> Aim of the exercise
Only a slice of the listing below is wanted. Retype the lines from the one containing "[picture b1top: board" through the one containing "J8, J10: Conn_01x07_Female;", exactly, both ends included.

━━━━━━━━━━━━━━━━

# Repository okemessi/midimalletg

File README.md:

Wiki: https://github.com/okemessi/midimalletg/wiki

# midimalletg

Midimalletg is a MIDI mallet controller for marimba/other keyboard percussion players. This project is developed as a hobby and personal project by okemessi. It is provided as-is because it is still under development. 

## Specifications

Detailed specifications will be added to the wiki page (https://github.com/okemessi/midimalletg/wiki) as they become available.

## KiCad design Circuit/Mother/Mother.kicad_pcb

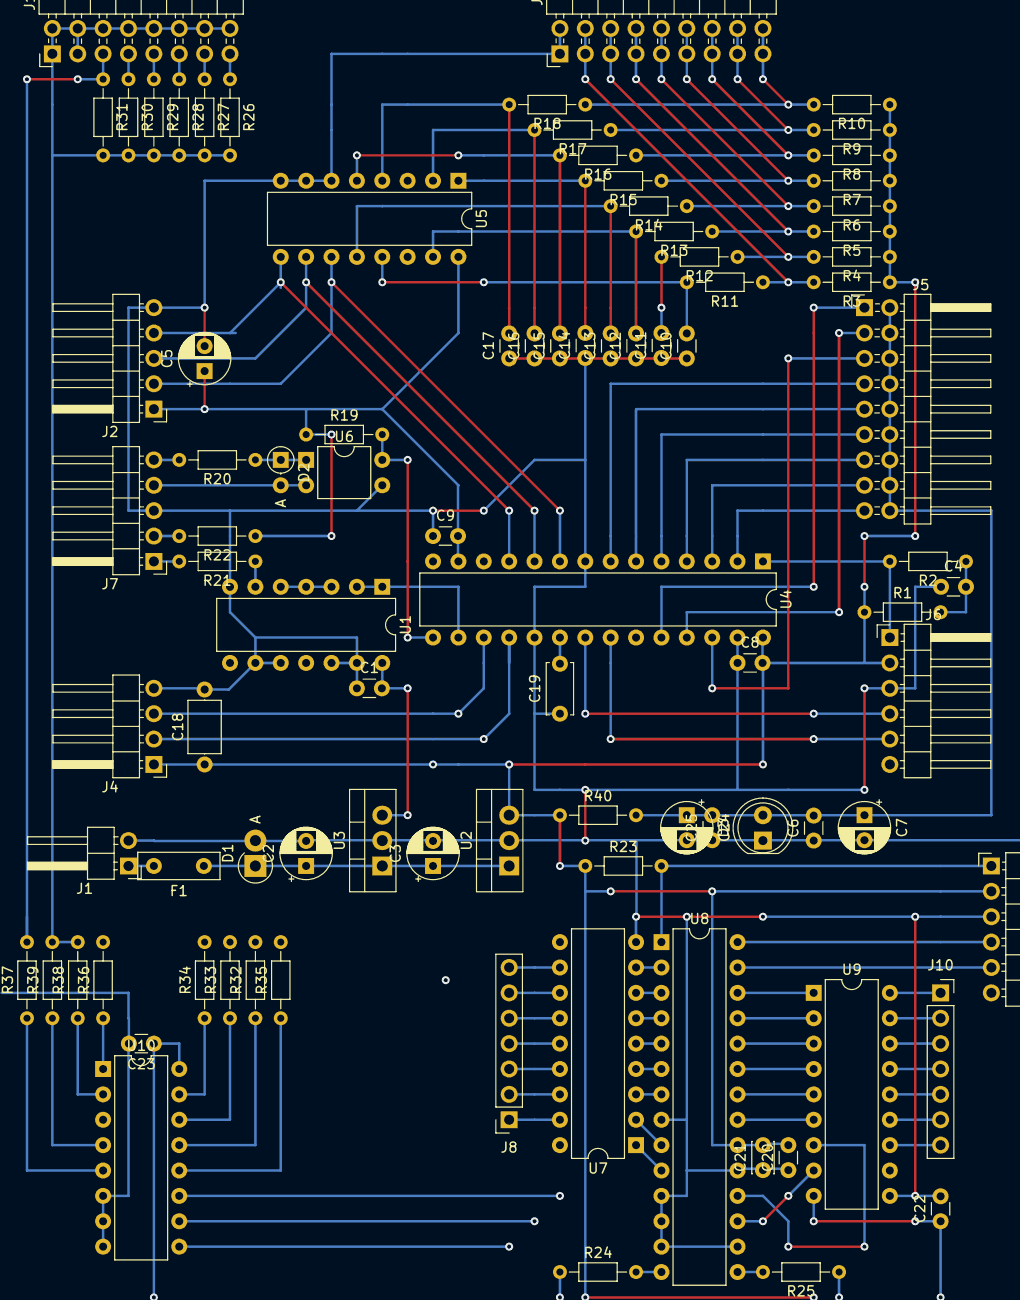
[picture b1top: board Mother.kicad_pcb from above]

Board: 4 copper layers, 90 parts (0 on the bottom side), 98 nets.

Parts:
C1, C4, C6, C8, C9, C10, C11, C12, C13, C14, C15, C16, C17, C20, C22, C23, C25: 0.1u; C_Disc_D3.0mm_W1.6mm_P2.50mm
C2, C3, C5, C7, C24: 10u; CP_Radial_D5.0mm_P2.50mm
C18: 10u; C_Axial_L5.1mm_D3.1mm_P7.50mm_Horizontal
C19: 10uF; C_Disc_D5.0mm_W2.5mm_P5.00mm
C21: 0.01u; C_Disc_D3.0mm_W2.0mm_P2.50mm
D1: 1N4007; D_DO-41_SOD81_P2.54mm_Vertical_AnodeUp
D2: 1SS178; D_DO-35_SOD27_P2.54mm_Vertical_AnodeUp
D3: LED; LED_D5.0mm
F1: RXEF050; C_Disc_D8.0mm_W2.5mm_P5.00mm
J1: Conn_01x02_Male; PinHeader_1x02_P2.54mm_Horizontal
J2, J7: Conn_01x05_Male; PinHeader_1x05_P2.54mm_Horizontal
J3, J5: Conn_02x09_Odd_Even; PinHeader_2x09_P2.54mm_Horizontal
J4: Conn_01x04_Male; PinHeader_1x04_P2.54mm_Horizontal
J6, J9: Conn_PIC_ICSP_ICD; PinHeader_1x06_P2.54mm_Horizontal
J8, J10: Conn_01x07_Female; PinSocket_1x07_P2.54mm_Vertical
J11: Conn_02x08_Odd_Even; PinHeader_2x08_P2.54mm_Horizontal
R1, R3, R4, R5, R6, R7, R8, R9, R10, R11, R12, R13, R14, R15, R16, R17, R18, R23: 10k; R_Axial_DIN0204_L3.6mm_D1.6mm_P7.62mm_Horizontal
R2, R40: 1k; R_Axial_DIN0204_L3.6mm_D1.6mm_P7.62mm_Horizontal
R19, R20, R21, R22, R32, R33, R34, R35, R36, R37, R38, R39: 220; R_Axial_DIN0204_L3.6mm_D1.6mm_P7.62mm_Horizontal
R24, R25: 4.7k; R_Axial_DIN0204_L3.6mm_D1.6mm_P7.62mm_Horizontal
R26, R27, R28, R29, R30, R31: 1Meg; R_Axial_DIN0204_L3.6mm_D1.6mm_P7.62mm_Horizontal
U1: 74HC00; DIP-14_W7.62mm
U2: BP5293-33; TO-220-3_Vertical
U3: BP5293-50; TO-220-3_Vertical
U4: PIC32MX110F016B-I_SP; DIP-28_W7.62mm
U5, U10: 4051; DIP-16_W7.62mm
U6: TLP785; DIP-4_W7.62mm
U7: ULN2803A; DIP-18_W7.62mm
U8: PIC16F18854-SO; DIP-28_W7.62mm
U9: TBD62783A; DIP-18_W7.62mm

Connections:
+5V: C1.2, U1.14, U3.3
/Sheet60D32BD3/SCL: J4.3, R24.2, U4.17, U8.14
/Sheet60D32BD3/SDA: J4.2, R25.2, U4.18, U8.15
/Sheet60E5A5FF/A: J2.2, U4.9, U5.11, U10.11
/Sheet60E5A5FF/A+: J5.3, U4.25, U10.3
/Sheet60E5A5FF/A-: C6.2, C7.1, C24.1, C25.2, D3.2, J5.2, J5.4, J5.6, J5.8, J5.10, J5.12, J5.14, J5.16, J5.18, J11.1, J11.2, J11.3, J11.4, J11.6, J11.8, J11.10, J11.12, J11.14, J11.16, R26.2, R27.2, R28.2, R29.2, R30.2, R31.2, R38.2, R39.2, R40.2
/Sheet60E5A5FF/B: J2.3, U4.10, U5.10, U10.10
/Sheet60E5A5FF/C: J2.4, U4.11, U5.9, U10.9
GND: C1.1, C2.2, C3.2, C4.1, C5.2, C6.1, C7.2, C8.1, C9.1, C10.1, C11.1, C12.1, C13.1, C14.1, C15.1, C16.1, C17.1, C18.2, C19.1, C20.1, C21.1, C22.2, C23.2, C24.2, C25.1, D1.2, D3.1, J1.2, J2.5, J3.1, J3.2, J4.4, J6.3, J7.3, J9.3, U1.7, U1.9, U1.10, U1.12, U1.13, U2.2, U3.2, U4.8, U4.19, U4.27, U5.6, U5.7, U5.8, U6.3, U7.9, U8.8, U8.11, U8.12, U8.13, U8.16, U8.19, U9.10, U10.6, U10.7, U10.8
unnamed: C2.1, C3.1, D1.1, F1.1, U2.1, U3.1
unnamed: C4.2, R1.2, R2.1
unnamed: C10.2, R11.2, U5.13
unnamed: C11.2, R12.2, U5.14
unnamed: C12.2, R13.2, U5.15
unnamed: C13.2, R14.2, U5.12
unnamed: C14.2, R15.2, U5.1
unnamed: C15.2, R16.2, U5.5
unnamed: C16.2, R17.2, U5.2
unnamed: C17.2, R18.2, U5.4
unnamed: C19.2, U4.20
unnamed: D2.1, R20.1, U6.1
unnamed: D2.2, J7.4, U6.2
unnamed: F1.2, J1.1
unnamed: J3.3, J3.4, R3.2, R11.1
unnamed: J3.5, J3.6, R4.2, R12.1
unnamed: J3.7, J3.8, R5.2, R13.1
unnamed: J3.9, J3.10, R6.2, R14.1
unnamed: J3.11, J3.12, R7.2, R15.1
unnamed: J3.13, J3.14, R8.2, R16.1
unnamed: J3.15, J3.16, R9.2, R17.1
unnamed: J3.17, J3.18, R10.2, R18.1
unnamed: J5.1, U4.24
unnamed: J5.5, U4.26
unnamed: J5.7, U4.7
unnamed: J5.9, U4.6
unnamed: J5.11, U4.5
unnamed: J5.13, U4.4
unnamed: J5.15, U4.3
unnamed: J5.17, U4.2
unnamed: J6.1, R2.2, U4.1
unnamed: J6.4, U4.21
unnamed: J6.5, U4.22
unnamed: J7.1, R21.2
unnamed: J7.2, R22.2
unnamed: J7.5, R20.2
unnamed: J8.1, U7.17
unnamed: J8.2, U7.16
unnamed: J8.3, U7.15
unnamed: J8.4, U7.14
unnamed: J8.5, U7.13
unnamed: J8.6, U7.12
unnamed: J8.7, U7.11
unnamed: J9.1, R23.2, U8.1
unnamed: J9.4, U8.28
unnamed: J9.5, U8.27
unnamed: J10.1, U9.18
unnamed: J10.2, U9.17
unnamed: J10.3, U9.16
unnamed: J10.4, U9.15
unnamed: J10.5, U9.14
unnamed: J10.6, U9.13
unnamed: J10.7, U9.12
unnamed: J11.5, R31.1, R37.2
unnamed: J11.7, R30.1, R36.2
unnamed: J11.9, R29.1, R35.2
unnamed: J11.11, R28.1, R34.2
unnamed: J11.13, R27.1, R33.2
unnamed: J11.15, R26.1, R32.2
unnamed: R19.2, U4.15, U6.4
unnamed: R21.1, U1.6
unnamed: R32.1, U10.13
unnamed: R33.1, U10.14
unnamed: R34.1, U10.15
unnamed: R35.1, U10.12
unnamed: R36.1, U10.1
unnamed: R37.1, U10.5
unnamed: R38.1, U10.2
unnamed: R39.1, U10.4
unnamed: U1.1, U1.2, U4.16
unnamed: U1.3, U1.4, U1.5
unnamed: U4.23, U5.3
unnamed: U7.1, U8.10
unnamed: U7.2, U8.9
unnamed: U7.3, U8.7
unnamed: U7.4, U8.6
unnamed: U7.5, U8.5
unnamed: U7.6, U8.4
unnamed: U7.7, U8.3
unnamed: U7.8, U8.2
unnamed: U8.17, U9.8
unnamed: U8.18, U9.7
unnamed: U8.21, U9.6
unnamed: U8.22, U9.5
unnamed: U8.23, U9.4
unnamed: U8.24, U9.3
unnamed: U8.25, U9.2
unnamed: U8.26, U9.1
VDD: C5.1, C8.2, C9.2, C18.1, C20.2, C21.2, C22.1, C23.1, J2.1, J4.1, J6.2, J9.2, R1.1, R3.1, R4.1, R5.1, R6.1, R7.1, R8.1, R9.1, R10.1, R19.1, R22.1, R23.1, R24.1, R25.1, R40.1, U2.3, U4.13, U4.28, U5.16, U8.20, U9.9, U10.16

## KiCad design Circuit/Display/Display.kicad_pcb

━━━━━━━━━━━━━━━━

> Problem solution
[picture b1top: board Mother.kicad_pcb from above]

Board: 4 copper layers, 90 parts (0 on the bottom side), 98 nets.

Parts:
C1, C4, C6, C8, C9, C10, C11, C12, C13, C14, C15, C16, C17, C20, C22, C23, C25: 0.1u; C_Disc_D3.0mm_W1.6mm_P2.50mm
C2, C3, C5, C7, C24: 10u; CP_Radial_D5.0mm_P2.50mm
C18: 10u; C_Axial_L5.1mm_D3.1mm_P7.50mm_Horizontal
C19: 10uF; C_Disc_D5.0mm_W2.5mm_P5.00mm
C21: 0.01u; C_Disc_D3.0mm_W2.0mm_P2.50mm
D1: 1N4007; D_DO-41_SOD81_P2.54mm_Vertical_AnodeUp
D2: 1SS178; D_DO-35_SOD27_P2.54mm_Vertical_AnodeUp
D3: LED; LED_D5.0mm
F1: RXEF050; C_Disc_D8.0mm_W2.5mm_P5.00mm
J1: Conn_01x02_Male; PinHeader_1x02_P2.54mm_Horizontal
J2, J7: Conn_01x05_Male; PinHeader_1x05_P2.54mm_Horizontal
J3, J5: Conn_02x09_Odd_Even; PinHeader_2x09_P2.54mm_Horizontal
J4: Conn_01x04_Male; PinHeader_1x04_P2.54mm_Horizontal
J6, J9: Conn_PIC_ICSP_ICD; PinHeader_1x06_P2.54mm_Horizontal
J8, J10: Conn_01x07_Female; PinSocket_1x07_P2.54mm_Vertical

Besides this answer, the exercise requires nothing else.